**** Source data ****
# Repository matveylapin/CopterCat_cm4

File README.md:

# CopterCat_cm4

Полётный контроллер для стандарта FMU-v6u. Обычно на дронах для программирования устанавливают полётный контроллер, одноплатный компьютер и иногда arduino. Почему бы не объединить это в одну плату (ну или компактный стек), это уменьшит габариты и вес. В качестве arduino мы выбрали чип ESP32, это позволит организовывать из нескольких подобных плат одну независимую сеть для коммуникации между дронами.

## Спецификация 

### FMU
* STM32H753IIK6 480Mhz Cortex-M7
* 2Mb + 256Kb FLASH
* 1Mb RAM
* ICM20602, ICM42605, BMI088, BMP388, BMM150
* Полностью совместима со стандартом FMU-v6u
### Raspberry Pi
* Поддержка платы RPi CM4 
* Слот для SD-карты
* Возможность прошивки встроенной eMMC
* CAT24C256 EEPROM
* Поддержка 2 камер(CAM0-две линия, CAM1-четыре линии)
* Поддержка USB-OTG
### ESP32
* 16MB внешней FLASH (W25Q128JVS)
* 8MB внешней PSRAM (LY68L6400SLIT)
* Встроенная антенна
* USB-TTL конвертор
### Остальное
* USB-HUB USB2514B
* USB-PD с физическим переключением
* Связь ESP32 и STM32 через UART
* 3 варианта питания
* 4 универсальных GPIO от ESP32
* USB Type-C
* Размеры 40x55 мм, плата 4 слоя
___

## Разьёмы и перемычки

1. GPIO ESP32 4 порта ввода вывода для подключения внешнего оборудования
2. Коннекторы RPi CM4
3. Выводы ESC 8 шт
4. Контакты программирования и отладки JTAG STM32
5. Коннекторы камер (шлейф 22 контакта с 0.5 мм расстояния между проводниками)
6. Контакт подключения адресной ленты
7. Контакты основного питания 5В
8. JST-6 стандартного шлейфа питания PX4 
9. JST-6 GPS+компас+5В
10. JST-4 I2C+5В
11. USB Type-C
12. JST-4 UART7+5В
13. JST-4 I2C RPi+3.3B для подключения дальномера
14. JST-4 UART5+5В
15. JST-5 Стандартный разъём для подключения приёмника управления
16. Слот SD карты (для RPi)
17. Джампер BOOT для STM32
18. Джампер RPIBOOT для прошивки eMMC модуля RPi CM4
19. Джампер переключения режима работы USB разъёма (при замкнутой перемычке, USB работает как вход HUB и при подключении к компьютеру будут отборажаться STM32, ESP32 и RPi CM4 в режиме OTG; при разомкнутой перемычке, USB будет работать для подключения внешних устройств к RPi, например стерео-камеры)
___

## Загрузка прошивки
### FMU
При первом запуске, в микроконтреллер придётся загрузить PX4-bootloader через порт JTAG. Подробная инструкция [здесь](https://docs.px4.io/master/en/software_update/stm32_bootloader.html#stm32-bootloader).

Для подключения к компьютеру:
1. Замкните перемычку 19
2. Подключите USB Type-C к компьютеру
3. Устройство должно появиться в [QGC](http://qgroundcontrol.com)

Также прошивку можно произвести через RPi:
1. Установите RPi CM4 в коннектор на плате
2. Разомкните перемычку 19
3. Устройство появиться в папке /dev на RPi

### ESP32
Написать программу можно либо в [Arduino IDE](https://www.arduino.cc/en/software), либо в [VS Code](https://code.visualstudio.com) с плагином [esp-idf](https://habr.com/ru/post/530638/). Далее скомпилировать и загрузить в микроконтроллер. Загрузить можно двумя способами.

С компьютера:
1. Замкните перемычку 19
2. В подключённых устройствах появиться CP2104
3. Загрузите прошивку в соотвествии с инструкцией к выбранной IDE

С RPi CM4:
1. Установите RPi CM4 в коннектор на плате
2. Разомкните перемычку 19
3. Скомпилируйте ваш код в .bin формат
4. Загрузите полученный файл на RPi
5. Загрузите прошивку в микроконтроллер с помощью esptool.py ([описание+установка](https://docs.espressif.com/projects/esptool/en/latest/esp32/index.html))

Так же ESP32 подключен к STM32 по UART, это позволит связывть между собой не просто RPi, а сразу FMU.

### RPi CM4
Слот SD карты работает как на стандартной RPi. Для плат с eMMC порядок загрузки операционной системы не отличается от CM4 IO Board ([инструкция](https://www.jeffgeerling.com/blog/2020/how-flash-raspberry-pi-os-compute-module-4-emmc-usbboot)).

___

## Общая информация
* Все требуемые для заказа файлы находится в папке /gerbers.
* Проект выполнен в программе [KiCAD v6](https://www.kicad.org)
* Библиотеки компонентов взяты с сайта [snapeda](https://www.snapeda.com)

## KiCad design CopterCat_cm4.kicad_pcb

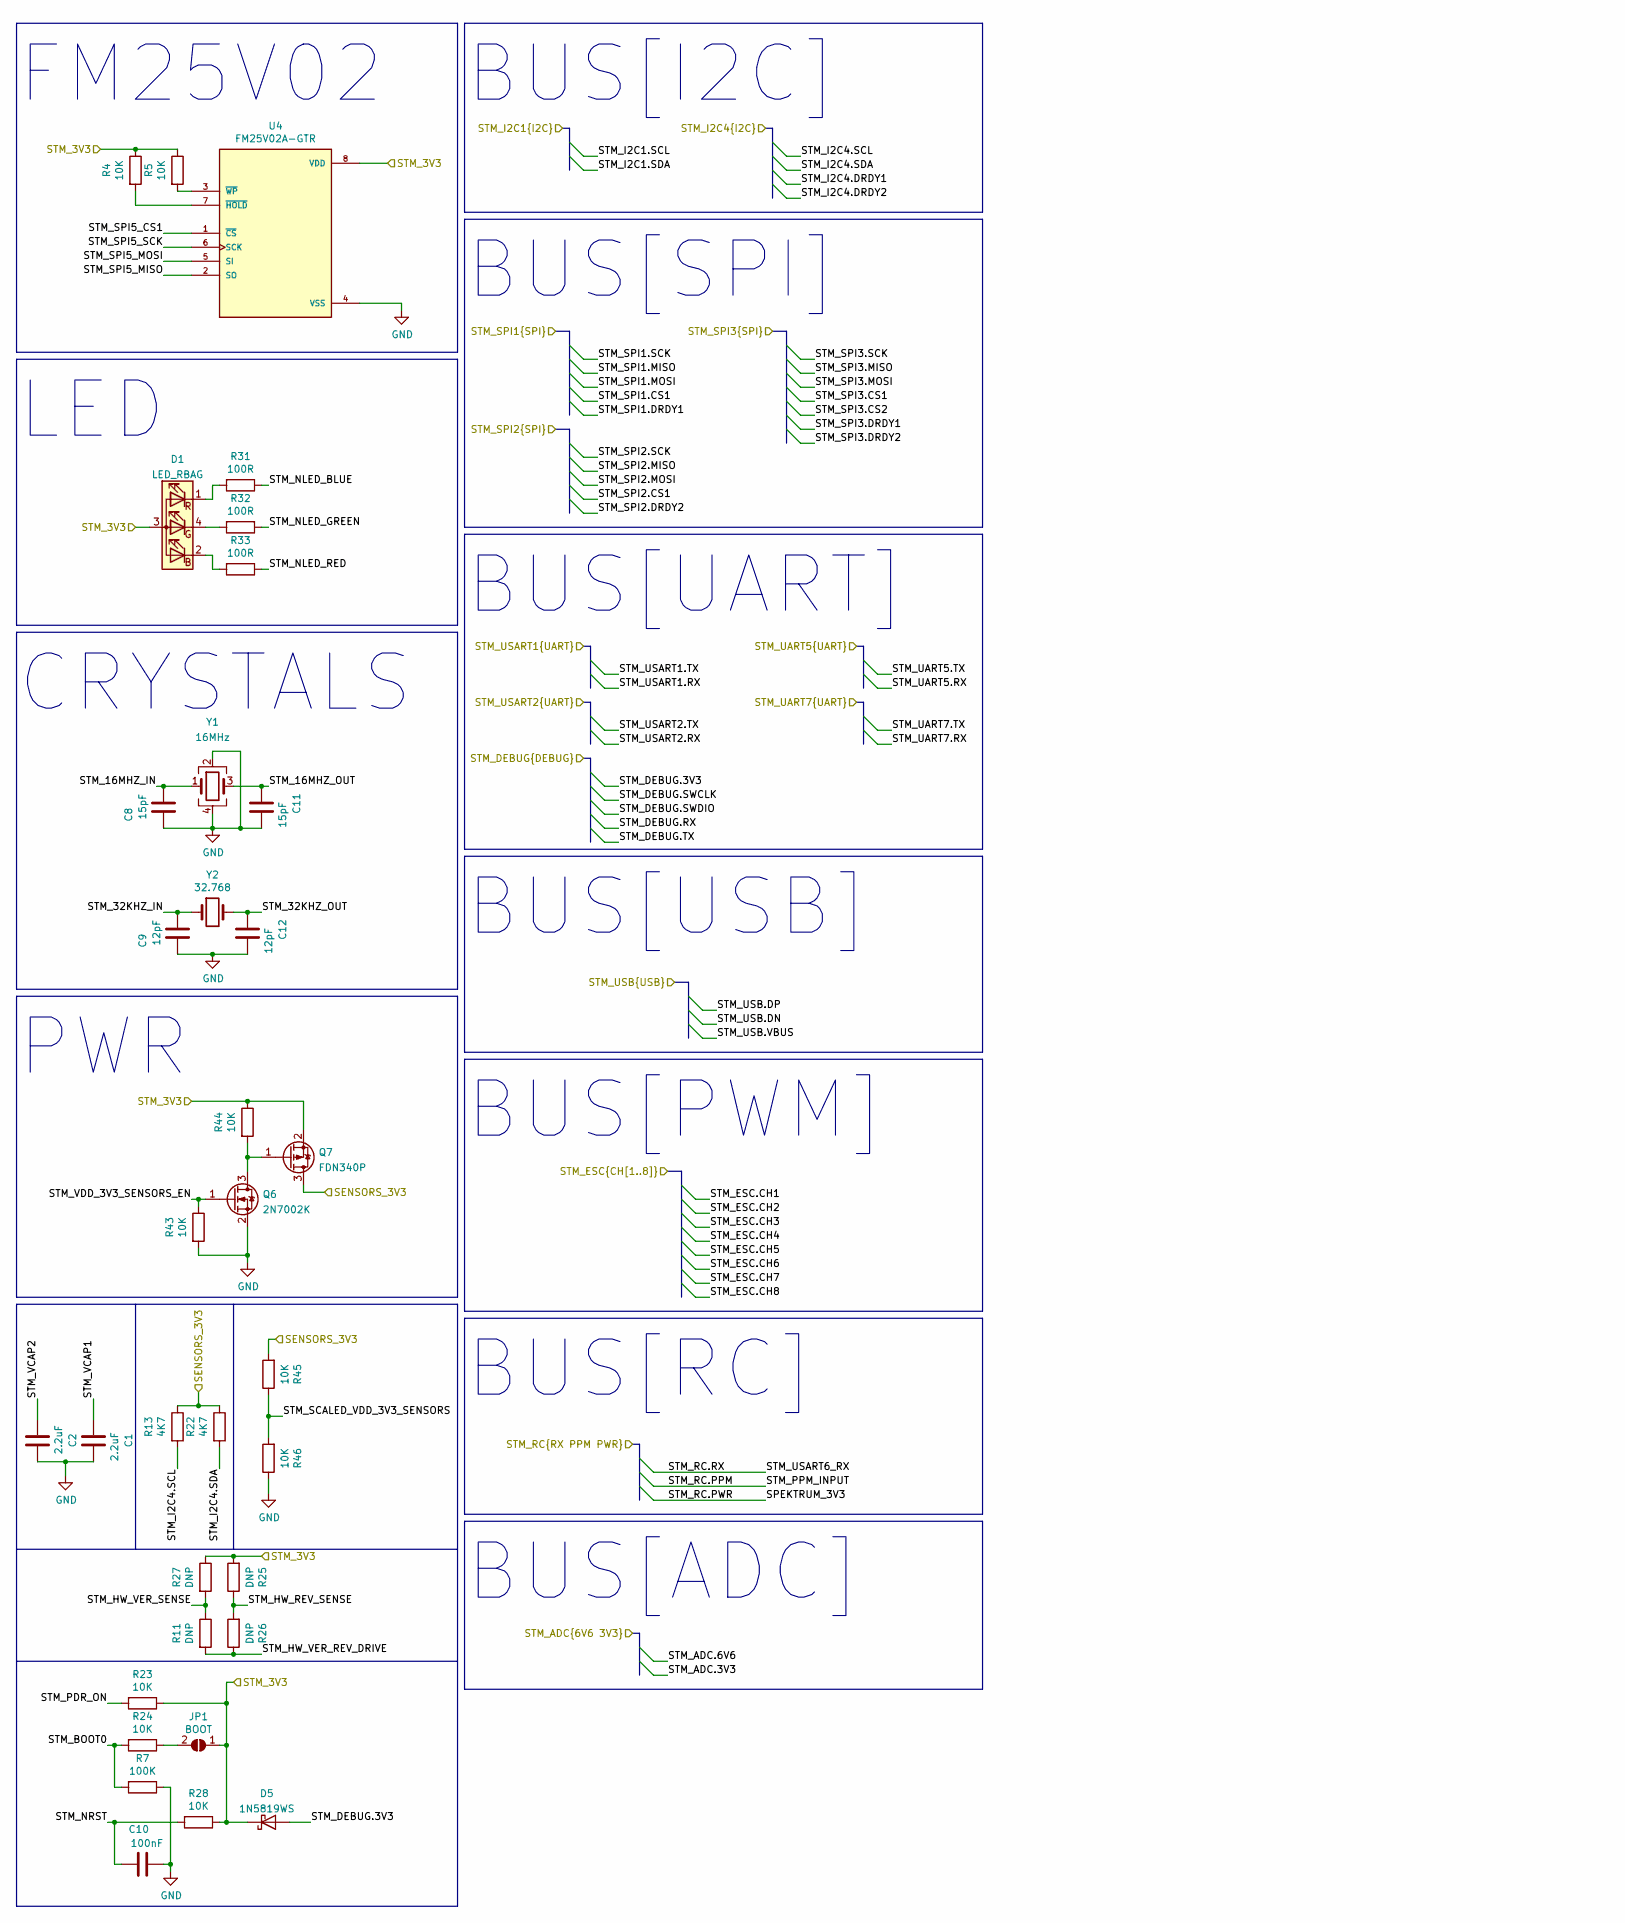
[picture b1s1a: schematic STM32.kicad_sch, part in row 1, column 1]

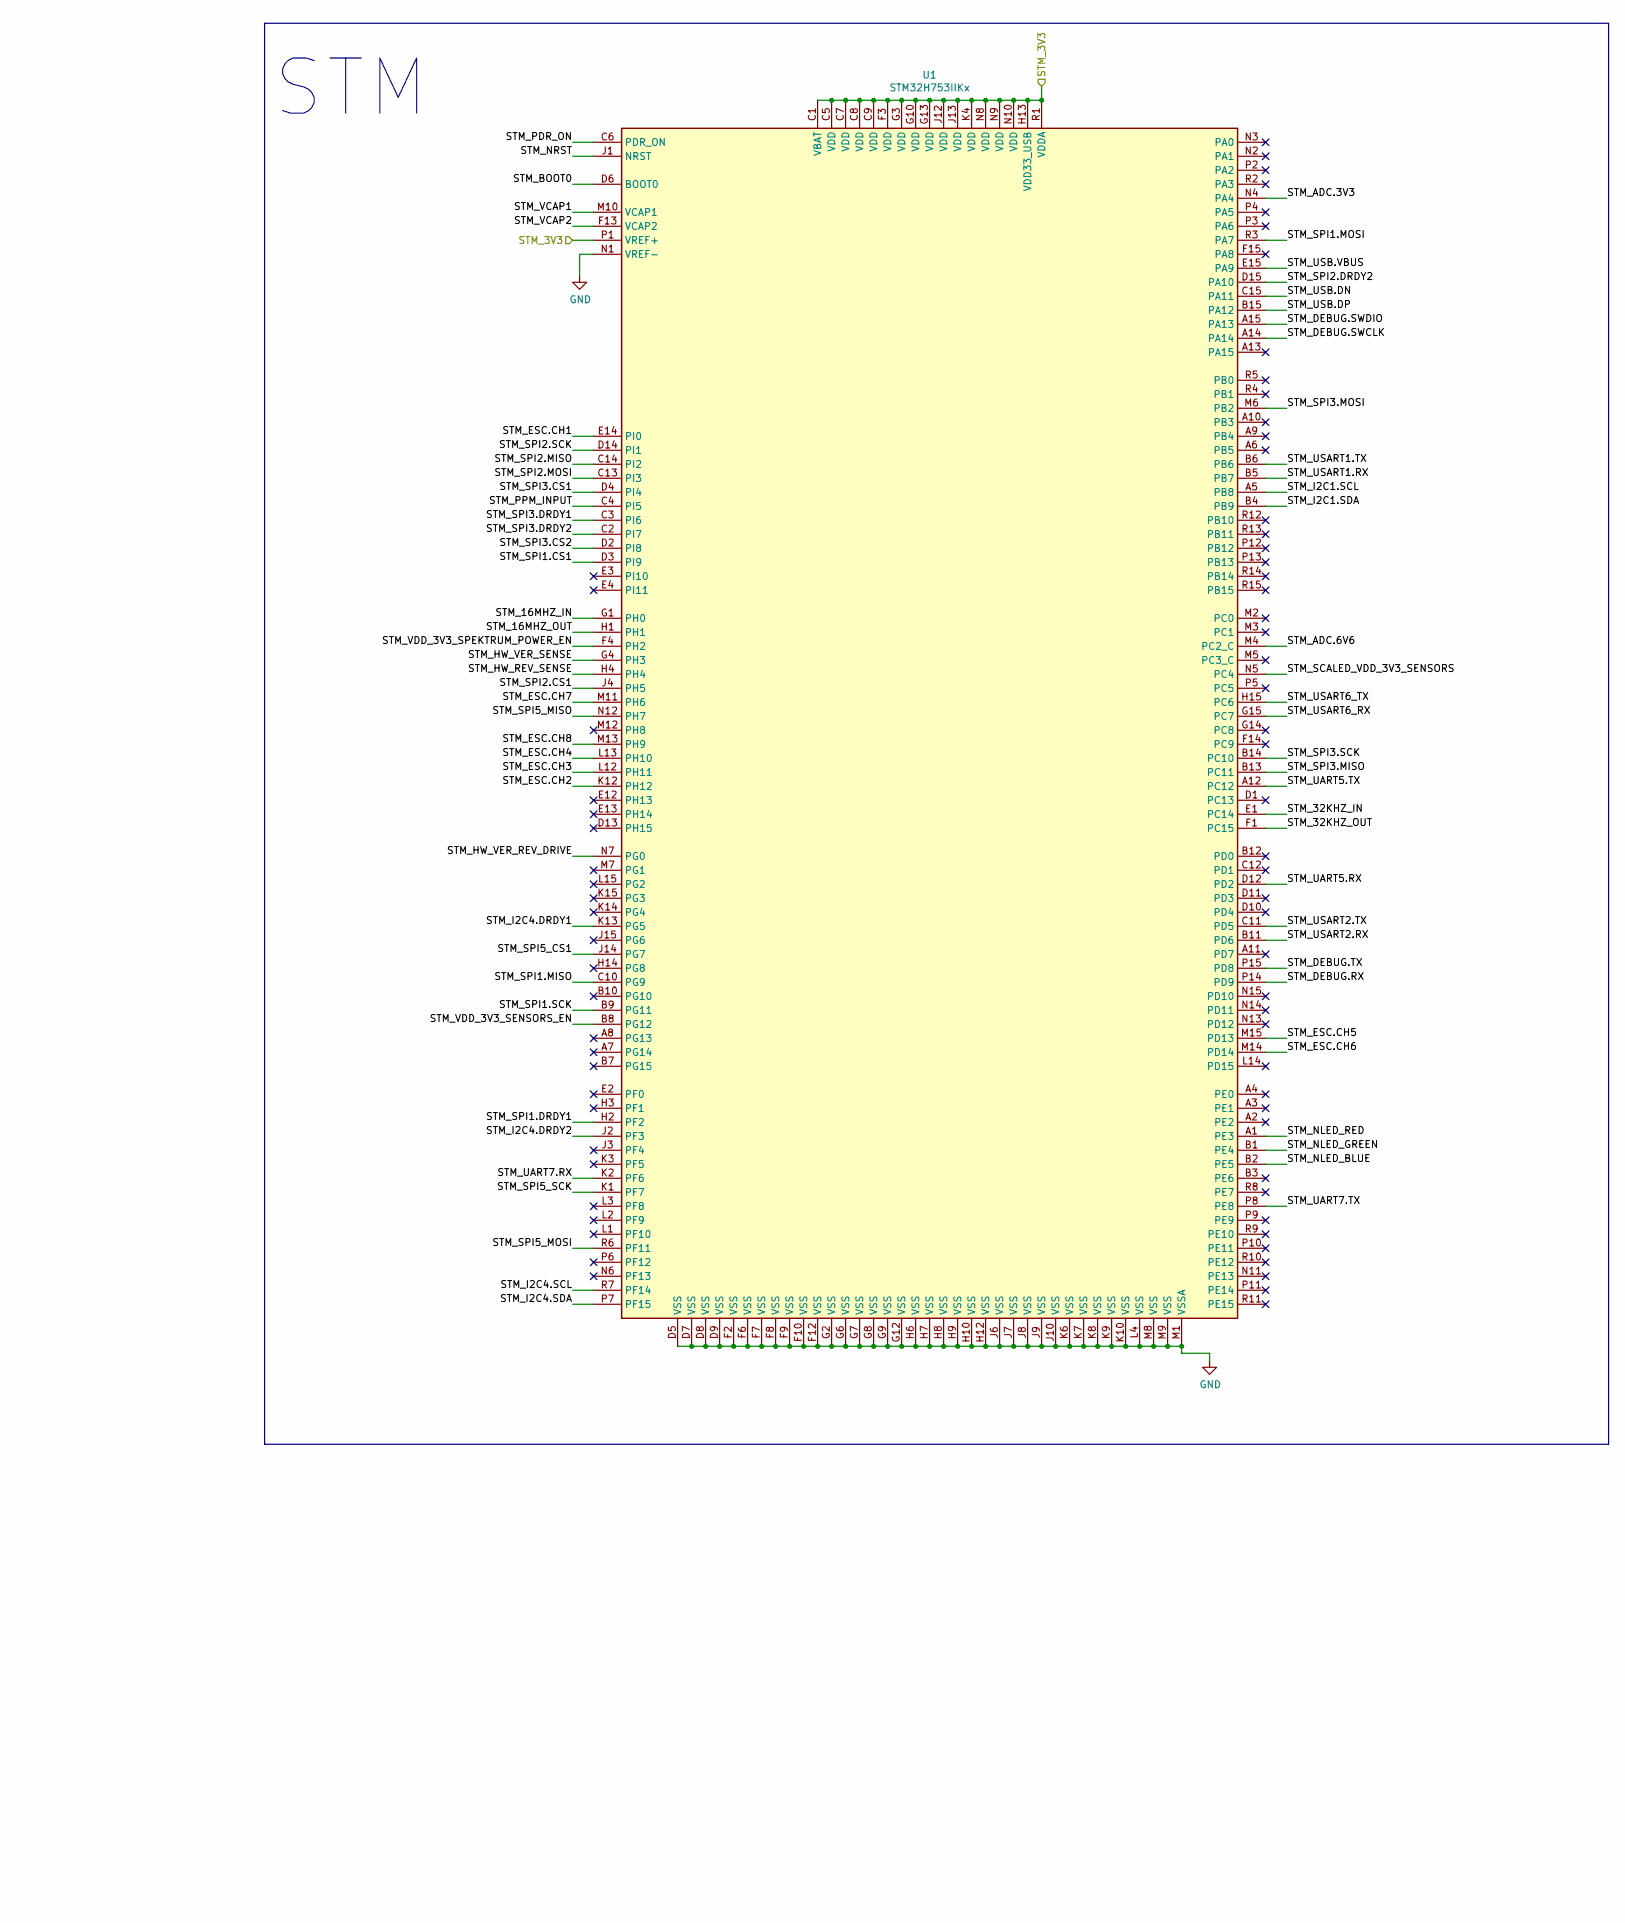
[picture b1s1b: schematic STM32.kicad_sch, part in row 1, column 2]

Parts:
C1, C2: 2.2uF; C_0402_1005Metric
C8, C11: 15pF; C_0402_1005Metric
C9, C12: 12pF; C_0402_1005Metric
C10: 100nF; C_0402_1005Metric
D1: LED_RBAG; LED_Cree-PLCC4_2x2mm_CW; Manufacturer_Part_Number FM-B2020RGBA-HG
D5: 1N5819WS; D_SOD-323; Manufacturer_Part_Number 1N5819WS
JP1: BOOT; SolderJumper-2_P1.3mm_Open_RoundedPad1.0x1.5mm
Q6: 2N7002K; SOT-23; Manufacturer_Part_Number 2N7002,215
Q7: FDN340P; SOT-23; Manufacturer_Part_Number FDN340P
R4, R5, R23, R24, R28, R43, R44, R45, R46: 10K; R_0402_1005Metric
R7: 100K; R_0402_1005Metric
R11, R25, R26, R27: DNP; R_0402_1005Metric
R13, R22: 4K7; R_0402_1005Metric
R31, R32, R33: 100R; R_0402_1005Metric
****
### Exercise objective
Review the entries above and return every line where "Поддержка" appears.

### Response box
* Поддержка платы RPi CM4 
* Поддержка 2 камер(CAM0-две линия, CAM1-четыре линии)
* Поддержка USB-OTG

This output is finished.